しかし、実験と簡素化が完了し、エラー処理、モジュール、ジェネリクスが提供されてから数年後のことを考えてみましょう。その後はどうなるでしょうか?将来を予測することは非常に困難ですが、これらの3つが提供されれば、大きな変更のための新たな静寂期が始まるのではないかと思います。その時点での私たちの焦点は、改善されたツールによるGo開発の簡素化に移る可能性が高いです。
ツールの作業の一部はすでに進行中であるため、この投稿ではその点について説明します。
Goモジュールを理解するようにGoコミュニティの既存のすべてのツールを更新するのを手伝いましたが、それぞれ小さなタスクを実行する多数の開発ヘルパーツールは、ユーザーにとって役立っていないことに気づきました。個々のツールは組み合わせが難しく、呼び出しが遅く、使用法が異なりすぎます。

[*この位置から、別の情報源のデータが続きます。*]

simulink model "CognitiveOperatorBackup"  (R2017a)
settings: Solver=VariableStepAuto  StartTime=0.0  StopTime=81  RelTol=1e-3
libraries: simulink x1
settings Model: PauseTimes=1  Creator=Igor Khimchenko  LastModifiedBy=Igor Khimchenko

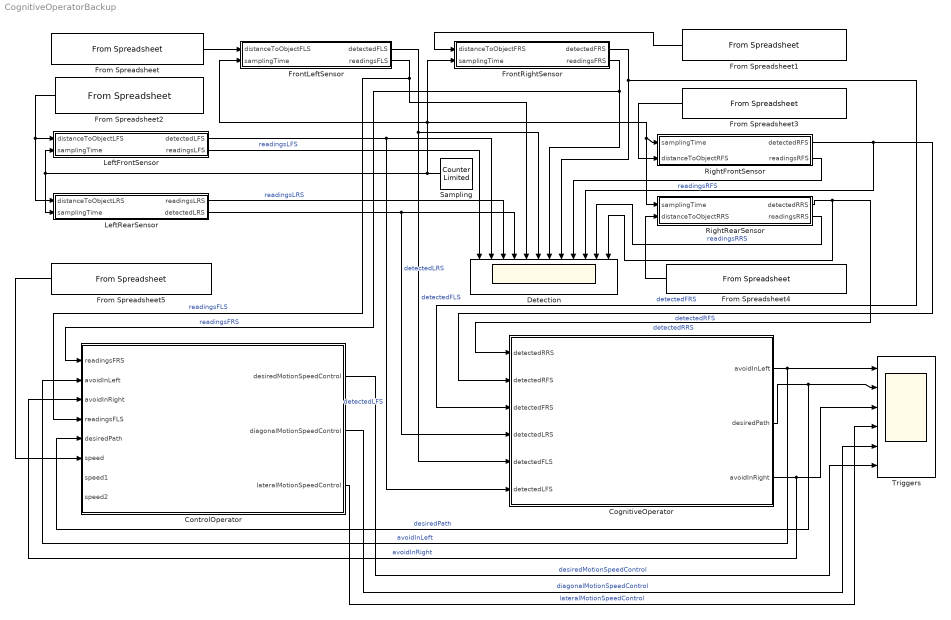
== system CognitiveOperatorBackup ==
  CognitiveOperator : Stateflow chart  TreatAsAtomicUnit=on
  ControlOperator : Stateflow chart  TreatAsAtomicUnit=on
  Detection : Scope  NumInputPorts=12
  From Spreadsheet : FromSpreadsheet  FileName=SensorReadings.xlsx  SheetName=Front left
  From Spreadsheet1 : FromSpreadsheet  FileName=SensorReadings.xlsx  SheetName=Front right
  From Spreadsheet2 : FromSpreadsheet  FileName=SensorReadings.xlsx  SheetName=Left
  From Spreadsheet3 : FromSpreadsheet  FileName=SensorReadings.xlsx  SheetName=Right front
  From Spreadsheet4 : FromSpreadsheet  FileName=SensorReadings.xlsx  SheetName=Right rear
  From Spreadsheet5 : FromSpreadsheet  FileName=SensorReadings.xlsx  SheetName=Speed
  FrontLeftSensor : Stateflow chart  TreatAsAtomicUnit=on
  FrontRightSensor : Stateflow chart  TreatAsAtomicUnit=on
  LeftFrontSensor : Stateflow chart  TreatAsAtomicUnit=on
  LeftRearSensor : Stateflow chart  TreatAsAtomicUnit=on
  RightFrontSensor : Stateflow chart  TreatAsAtomicUnit=on
  RightRearSensor : Stateflow chart  TreatAsAtomicUnit=on
  Sampling : simulink/Sources/Counter Limited  uplimit=50  tsamp=0.001
  Triggers : Scope  NumInputPorts=6
  wires:
  From Spreadsheet2/1 -> LeftRearSensor/1(distanceToObjectLRS), LeftFrontSensor/1(distanceToObjectLFS)
  Sampling/1 -> LeftRearSensor/2(samplingTime), LeftFrontSensor/2(samplingTime), FrontRightSensor/2(samplingTime), RightRearSensor/1(samplingTime), RightFrontSensor/1(samplingTime), FrontLeftSensor/2(samplingTime)
  LeftFrontSensor/2(readingsLFS) -> Detection/1  "readingsLFS"
  LeftFrontSensor/1(detectedLFS) -> CognitiveOperator/6(detectedLFS), Detection/2  "detectedLFS"
  LeftRearSensor/1(readingsLRS) -> Detection/3  "readingsLRS"
  LeftRearSensor/2(detectedLRS) -> CognitiveOperator/4(detectedLRS), Detection/4  "detectedLRS"
  FrontLeftSensor/2(readingsFLS) -> ControlOperator/4(readingsFLS), Detection/5  "readingsFLS"
  FrontLeftSensor/1(detectedFLS) -> CognitiveOperator/5(detectedFLS), Detection/6  "detectedFLS"
  FrontRightSensor/2(readingsFRS) -> ControlOperator/1(readingsFRS), Detection/7  "readingsFRS"
  FrontRightSensor/1(detectedFRS) -> CognitiveOperator/3(detectedFRS), Detection/8  "detectedFRS"
  RightFrontSensor/2(readingsRFS) -> Detection/9  "readingsRFS"
  RightFrontSensor/1(detectedRFS) -> Detection/10, CognitiveOperator/2(detectedRFS)  "detectedRFS"
  RightRearSensor/2(readingsRRS) -> Detection/11  "readingsRRS"
  RightRearSensor/1(detectedRRS) -> CognitiveOperator/1(detectedRRS), Detection/12  "detectedRRS"
  CognitiveOperator/1(avoidInLeft) -> ControlOperator/2(avoidInLeft), Triggers/1  "avoidInLeft"
  CognitiveOperator/2(desiredPath) -> ControlOperator/5(desiredPath), Triggers/2  "desiredPath"
  CognitiveOperator/3(avoidInRight) -> ControlOperator/3(avoidInRight), Triggers/3  "avoidInRight"
  From Spreadsheet3/1 -> RightFrontSensor/2(distanceToObjectRFS)
  From Spreadsheet4/1 -> RightRearSensor/2(distanceToObjectRRS)
  ControlOperator/1(desiredMotionSpeedControl) -> Triggers/6  "desiredMotionSpeedControl"
  ControlOperator/3(lateralMotionSpeedControl) -> Triggers/4  "lateralMotionSpeedControl"
  From Spreadsheet5/1 -> ControlOperator/6(speed)
  From Spreadsheet/1 -> FrontLeftSensor/1(distanceToObjectFLS)
  From Spreadsheet1/1 -> FrontRightSensor/1(distanceToObjectFRS)
  ControlOperator/2(diagonalMotionSpeedControl) -> Triggers/5  "diagonalMotionSpeedControl"

== stateflow chart CognitiveOperatorBackup/LeftFrontSensor ==
  state LFSEnvironmentSampling
    entry: detectedLFS = 0
    readingsLFS = distanceToObjectLFS
  state LFSObstacleDetected
    entry: detectedLFS = 1
    readingsLFS = distanceToObjectLFS
  (default) -> LFSEnvironmentSampling
  LFSEnvironmentSampling -> LFSEnvironmentSampling [order 2] : [samplingTime == 50]
  LFSEnvironmentSampling -> LFSObstacleDetected [order 1] : [distanceToObjectLFS <= 1]
  LFSObstacleDetected -> LFSEnvironmentSampling [order 1] : [not(distanceToObjectLFS <= 1)]
  LFSObstacleDetected -> LFSObstacleDetected [order 2] : [samplingTime == 50]
  data: distanceToObjectLFS input; samplingTime input; detectedLFS output; readingsLFS output

== stateflow chart CognitiveOperatorBackup/LeftRearSensor ==
  state LRSEnvironmentSampling
    entry: detectedLRS = 0
    readingsLRS = distanceToObjectLRS
  state LRSObstacleDetected
    entry: detectedLRS = 1
    readingsLRS = distanceToObjectLRS
  (default) -> LRSEnvironmentSampling
  LRSEnvironmentSampling -> LRSEnvironmentSampling [order 2] : [samplingTime == 50]
  LRSEnvironmentSampling -> LRSObstacleDetected [order 1] : [distanceToObjectLRS <= 1]
  LRSObstacleDetected -> LRSEnvironmentSampling [order 1] : [not(distanceToObjectLRS <= 1)]
  LRSObstacleDetected -> LRSObstacleDetected [order 2] : [samplingTime == 50]
  data: distanceToObjectLRS input; samplingTime input; readingsLRS output; detectedLRS output

== stateflow chart CognitiveOperatorBackup/CognitiveOperator ==
  state DesiredPathTrigger
    entry: avoidInLeft = 0
    avoidInRight = 0
    desiredPath = 1
  state AvoidInLeftTrigger
    entry: avoidInLeft = 1
    avoidInRight = 0
    desiredPath = 0
  state AvoidInRightTrigger
    entry: avoidInLeft = 0
    avoidInRight = 1
    desiredPath = 0
  (default) -> DesiredPathTrigger
  DesiredPathTrigger -> AvoidInLeftTrigger [order 2] : [not(detectedLRS && detectedLFS) && (detectedFLS && detectedFRS) && (detectedRFS && detectedRRS)]
  DesiredPathTrigger -> AvoidInRightTrigger [order 1] : [not(detectedRRS && detectedRFS) && (detectedFLS && detectedFRS) && (detectedLFS && detectedLRS)]
  AvoidInLeftTrigger -> DesiredPathTrigger : [not(detectedFLS) && not(detectedFRS)]
  AvoidInRightTrigger -> DesiredPathTrigger : [not(detectedFLS) && not(detectedFRS)]
  data: detectedRRS input; detectedRFS input; detectedFRS input; detectedLRS input; detectedFLS input; detectedLFS input; avoidInLeft output; desiredPath output; avoidInRight output

== stateflow chart CognitiveOperatorBackup/FrontLeftSensor ==
  state FLSEnvironmentSampling
    entry: detectedFLS = 0
    readingsFLS = distanceToObjectFLS
  state FLSObstacleDetected
    entry: detectedFLS = 1
    readingsFLS = distanceToObjectFLS
  (default) -> FLSEnvironmentSampling
  FLSEnvironmentSampling -> FLSEnvironmentSampling [order 2] : [samplingTime == 50]
  FLSEnvironmentSampling -> FLSObstacleDetected [order 1] : [distanceToObjectFLS <= 1]
  FLSObstacleDetected -> FLSEnvironmentSampling [order 1] : [not(distanceToObjectFLS <= 1)]
  FLSObstacleDetected -> FLSObstacleDetected [order 2] : [samplingTime == 50]
  data: distanceToObjectFLS input; samplingTime input; detectedFLS output; readingsFLS output

== stateflow chart CognitiveOperatorBackup/FrontRightSensor ==
  state FRSEnvironmentSampling
    entry: detectedFRS = 0
    readingsFRS = distanceToObjectFRS
  state FRSObstacleDetected
    entry: detectedFRS = 1
    readingsFRS = distanceToObjectFRS
  (default) -> FRSEnvironmentSampling
  FRSEnvironmentSampling -> FRSEnvironmentSampling [order 2] : [samplingTime == 50]
  FRSEnvironmentSampling -> FRSObstacleDetected [order 1] : [distanceToObjectFRS <= 1]
  FRSObstacleDetected -> FRSEnvironmentSampling [order 1] : [not(distanceToObjectFRS <= 1)]
  FRSObstacleDetected -> FRSObstacleDetected [order 2] : [samplingTime == 50]
  data: distanceToObjectFRS input; samplingTime input; detectedFRS output; readingsFRS output

== stateflow chart CognitiveOperatorBackup/RightFrontSensor ==
  state RFSEnvironmentSampling
    entry: detectedRFS = 0
    readingsRFS = distanceToObjectRFS
  state RFSObstacleDetected
    entry: detectedRFS = 1
    readingsRFS = distanceToObjectRFS
  (default) -> RFSEnvironmentSampling
  RFSEnvironmentSampling -> RFSEnvironmentSampling [order 2] : [samplingTime == 50]
  RFSEnvironmentSampling -> RFSObstacleDetected [order 1] : [distanceToObjectRFS <= 1]
  RFSObstacleDetected -> RFSEnvironmentSampling [order 1] : [not(distanceToObjectRFS <= 1)]
  RFSObstacleDetected -> RFSObstacleDetected [order 2] : [samplingTime == 50]
  data: samplingTime input; distanceToObjectRFS input; detectedRFS output; readingsRFS output

== stateflow chart CognitiveOperatorBackup/RightRearSensor ==
  state RRSEnvironmentSampling
    entry: detectedRRS = 0
    readingsRRS = distanceToObjectRRS
  state RRSObstacleDetected
    entry: detectedRRS = 1
    readingsRRS = distanceToObjectRRS
  (default) -> RRSEnvironmentSampling
  RRSEnvironmentSampling -> RRSEnvironmentSampling [order 2] : [samplingTime == 50]
  RRSEnvironmentSampling -> RRSObstacleDetected [order 1] : [distanceToObjectRRS <= 1]
  RRSObstacleDetected -> RRSEnvironmentSampling [order 1] : [not(distanceToObjectRRS <= 1)]
  RRSObstacleDetected -> RRSObstacleDetected [order 2] : [samplingTime == 50]
  data: samplingTime input; distanceToObjectRRS input; detectedRRS output; readingsRRS output

== stateflow chart CognitiveOperatorBackup/ControlOperator ==
  state LateralMotionSpeedControl
    entry: lateralMotionSpeedControl = 1
    desiredMotionSpeedControl = 0
    diagonalMotionSpeedControl = 0
  state DesiredMotionSpeedControl
    entry: lateralMotionSpeedControl = 0
    desiredMotionSpeedControl = 1
    diagonalMotionSpeedControl = 0
  state DiagonalMotionSpeedControl
    entry: lateralMotionSpeedControl = 0
    desiredMotionSpeedControl = 0
    diagonalMotionSpeedControl = 1
  (default) -> DesiredMotionSpeedControl
  DesiredMotionSpeedControl -> LateralMotionSpeedControl [order 1] : [(avoidInLeft | avoidInRight) & (readingsFLS < 0.3 & readingsFRS < 0.3) & speed == 0]
  DesiredMotionSpeedControl -> DiagonalMotionSpeedControl [order 2] : [(avoidInLeft | avoidInRight) & (readingsFLS < 0.2 | readingsFRS <  0.2 ) & not(readingsFLS <  0.2 & readingsFRS < 0.2) & speed == 0]
  DiagonalMotionSpeedControl -> DesiredMotionSpeedControl : [desiredPath & speed == 0]
  LateralMotionSpeedControl -> DesiredMotionSpeedControl : [desiredPath & speed == 0]
  data: readingsFRS input; avoidInLeft input; avoidInRight input; readingsFLS input; desiredPath input; speed input; desiredMotionSpeedControl output; diagonalMotionSpeedControl output; lateralMotionSpeedControl output; speed1 input; speed2 input

最も一般的に必要な開発ヘルパーを単一のツールに統合する取り組みを開始しました。現在、gopls
(「go、please」と発音)と呼ばれています。Gopls
はLanguage Server Protocol(LSP)を使用し、LSPをサポートする統合開発環境またはテキストエディターと連携します。これは、現時点では事実上すべてです。
Gopls
は、Goプロジェクトの焦点の拡大を表しています。go vet
やgorename
のようなスタンドアロンのコンパイラのようなコマンドラインツールの提供から、完全なIDEサービスの提供へと拡大しています。Rebecca Stamblerは、Gophercon 2019でgopls
とIDEに関する詳細な講演を行いました。(ビデオが公開されたら、ここにリンクを追加します。)
gopls
の後には、拡張可能な方法でgo fix
を復活させることと、go vet
をさらに役立つものにすることについても考えています。
結び

これがGo 2への道筋です。実験と簡素化を繰り返します。そして、提供します。そして、また実験と簡素化を行います。そして、それを繰り返します。道筋が円を描いて回っているように見えたり、感じられたりするかもしれません。しかし、実験と簡素化を行うたびに、Go 2がどのようなものになるかについて少し理解が深まり、それに一歩近づきます。try
や最初の4つのジェネリクス設計、dep
など、放棄された実験でさえ無駄ではありません。それらは、提供する前に何を簡素化する必要があるかを学ぶのに役立ち、場合によっては、当然のことと考えていたことをよりよく理解するのに役立ちます。
ある時点で、十分に実験し、十分に簡素化し、十分に提供したことに気づき、Go 2が完成します。
この道筋で実験、簡素化、提供、そして道を見つけるお手伝いをしてくださったGoコミュニティの皆様に感謝いたします。